I can understand the emotion generated by this presidential election. It will have repercussions for a generation or more, and all parties, understandably, want to come out the victor. It's far too easy, though, to simply want the drama to be over at the expense of getting an accurate result.
For example, in Thursday's article "Activists Urge Democracy, Cooperation," College Republican Justin Johnson says, "If the heavily Democratic Palm Beach was being recounted, then why not recount the rest of Florida, or even the rest of the country, to ensure validity?" to illustrate his point that it's time for the election to be over. This was just what was proposed by Vice President Al Gore and rejected out of hand by George W. Bush's camp. Gore asked for a full recounting of Florida, including the more conservative parts, and was denied by Bush's campaign.

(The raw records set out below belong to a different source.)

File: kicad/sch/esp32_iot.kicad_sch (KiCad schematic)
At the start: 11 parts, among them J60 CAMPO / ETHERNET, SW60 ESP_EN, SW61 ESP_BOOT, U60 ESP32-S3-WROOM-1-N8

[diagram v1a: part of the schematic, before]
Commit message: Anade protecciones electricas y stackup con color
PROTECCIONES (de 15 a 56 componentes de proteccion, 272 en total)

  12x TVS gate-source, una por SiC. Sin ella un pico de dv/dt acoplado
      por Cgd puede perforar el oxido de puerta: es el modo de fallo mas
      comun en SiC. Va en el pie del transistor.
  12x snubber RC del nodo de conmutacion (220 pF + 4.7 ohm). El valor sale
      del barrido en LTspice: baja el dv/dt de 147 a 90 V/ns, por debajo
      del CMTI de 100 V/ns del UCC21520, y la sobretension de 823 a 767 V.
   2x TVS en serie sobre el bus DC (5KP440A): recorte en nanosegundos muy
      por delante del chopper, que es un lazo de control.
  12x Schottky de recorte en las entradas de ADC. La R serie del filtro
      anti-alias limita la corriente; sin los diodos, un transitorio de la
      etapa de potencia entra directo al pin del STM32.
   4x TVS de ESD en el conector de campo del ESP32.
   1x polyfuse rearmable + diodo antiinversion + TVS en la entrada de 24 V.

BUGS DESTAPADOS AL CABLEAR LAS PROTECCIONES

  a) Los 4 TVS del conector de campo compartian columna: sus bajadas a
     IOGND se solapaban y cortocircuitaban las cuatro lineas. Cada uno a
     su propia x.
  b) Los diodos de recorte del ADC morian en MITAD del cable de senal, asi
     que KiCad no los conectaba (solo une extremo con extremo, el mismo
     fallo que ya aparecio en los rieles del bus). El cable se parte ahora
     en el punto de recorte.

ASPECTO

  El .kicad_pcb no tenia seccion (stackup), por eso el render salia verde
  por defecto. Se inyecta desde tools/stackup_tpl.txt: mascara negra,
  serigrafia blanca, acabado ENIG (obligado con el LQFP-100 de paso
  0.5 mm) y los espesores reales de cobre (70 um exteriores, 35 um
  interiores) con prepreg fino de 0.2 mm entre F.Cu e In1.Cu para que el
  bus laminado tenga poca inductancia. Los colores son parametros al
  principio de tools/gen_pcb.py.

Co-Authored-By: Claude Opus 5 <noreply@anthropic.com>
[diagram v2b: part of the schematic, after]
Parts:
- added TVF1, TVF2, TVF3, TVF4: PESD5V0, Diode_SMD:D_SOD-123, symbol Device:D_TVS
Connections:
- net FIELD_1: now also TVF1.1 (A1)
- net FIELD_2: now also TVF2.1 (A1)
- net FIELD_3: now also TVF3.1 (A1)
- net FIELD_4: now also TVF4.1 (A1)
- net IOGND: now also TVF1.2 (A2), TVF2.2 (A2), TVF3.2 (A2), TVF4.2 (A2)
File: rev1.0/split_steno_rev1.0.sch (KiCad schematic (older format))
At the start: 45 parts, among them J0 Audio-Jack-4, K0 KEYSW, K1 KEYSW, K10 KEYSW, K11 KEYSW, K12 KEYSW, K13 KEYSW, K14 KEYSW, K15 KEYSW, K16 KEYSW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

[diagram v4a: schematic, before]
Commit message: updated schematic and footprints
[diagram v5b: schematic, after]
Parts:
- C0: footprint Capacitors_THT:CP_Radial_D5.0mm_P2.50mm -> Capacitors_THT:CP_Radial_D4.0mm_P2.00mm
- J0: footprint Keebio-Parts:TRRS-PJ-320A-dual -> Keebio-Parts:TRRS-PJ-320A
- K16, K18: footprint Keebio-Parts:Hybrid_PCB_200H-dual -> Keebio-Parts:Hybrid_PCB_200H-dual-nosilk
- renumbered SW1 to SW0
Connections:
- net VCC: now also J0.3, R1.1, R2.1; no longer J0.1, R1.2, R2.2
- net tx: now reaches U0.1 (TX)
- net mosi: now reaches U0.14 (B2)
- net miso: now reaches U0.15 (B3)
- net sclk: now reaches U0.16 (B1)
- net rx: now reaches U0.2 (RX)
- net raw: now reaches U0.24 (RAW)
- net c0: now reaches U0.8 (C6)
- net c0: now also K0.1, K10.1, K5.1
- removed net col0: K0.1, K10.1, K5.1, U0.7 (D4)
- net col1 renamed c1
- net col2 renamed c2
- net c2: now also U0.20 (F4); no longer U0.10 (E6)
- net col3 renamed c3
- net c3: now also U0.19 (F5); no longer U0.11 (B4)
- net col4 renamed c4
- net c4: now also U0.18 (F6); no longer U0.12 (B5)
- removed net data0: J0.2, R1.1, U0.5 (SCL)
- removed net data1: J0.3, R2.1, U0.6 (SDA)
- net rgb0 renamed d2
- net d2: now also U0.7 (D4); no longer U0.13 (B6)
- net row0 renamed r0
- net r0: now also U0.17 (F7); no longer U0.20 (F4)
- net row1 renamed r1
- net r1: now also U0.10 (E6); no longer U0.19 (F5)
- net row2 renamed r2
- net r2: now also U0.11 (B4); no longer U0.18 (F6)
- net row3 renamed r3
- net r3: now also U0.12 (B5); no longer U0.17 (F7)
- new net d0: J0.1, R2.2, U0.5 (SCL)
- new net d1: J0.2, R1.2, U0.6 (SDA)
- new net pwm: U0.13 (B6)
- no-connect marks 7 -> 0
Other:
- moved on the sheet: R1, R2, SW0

There is a larger issue here. At hand is the question of whether we will rush to judgments despite certain things that deserve another look. In the face of widespread irregularities in Florida, including allegations of voter intimidation across the panhandle, can we as a nation afford not to take the time to look into what occurred? I agree, it would be easier to simply move on and declare a winner. I am like most people; I'm ready for the election to be over.
I firmly believe that it's more important to get accurate results than end the process quickly. We owe it to ourselves to take the time to ensure that the will of the people is reflected in the election's outcome.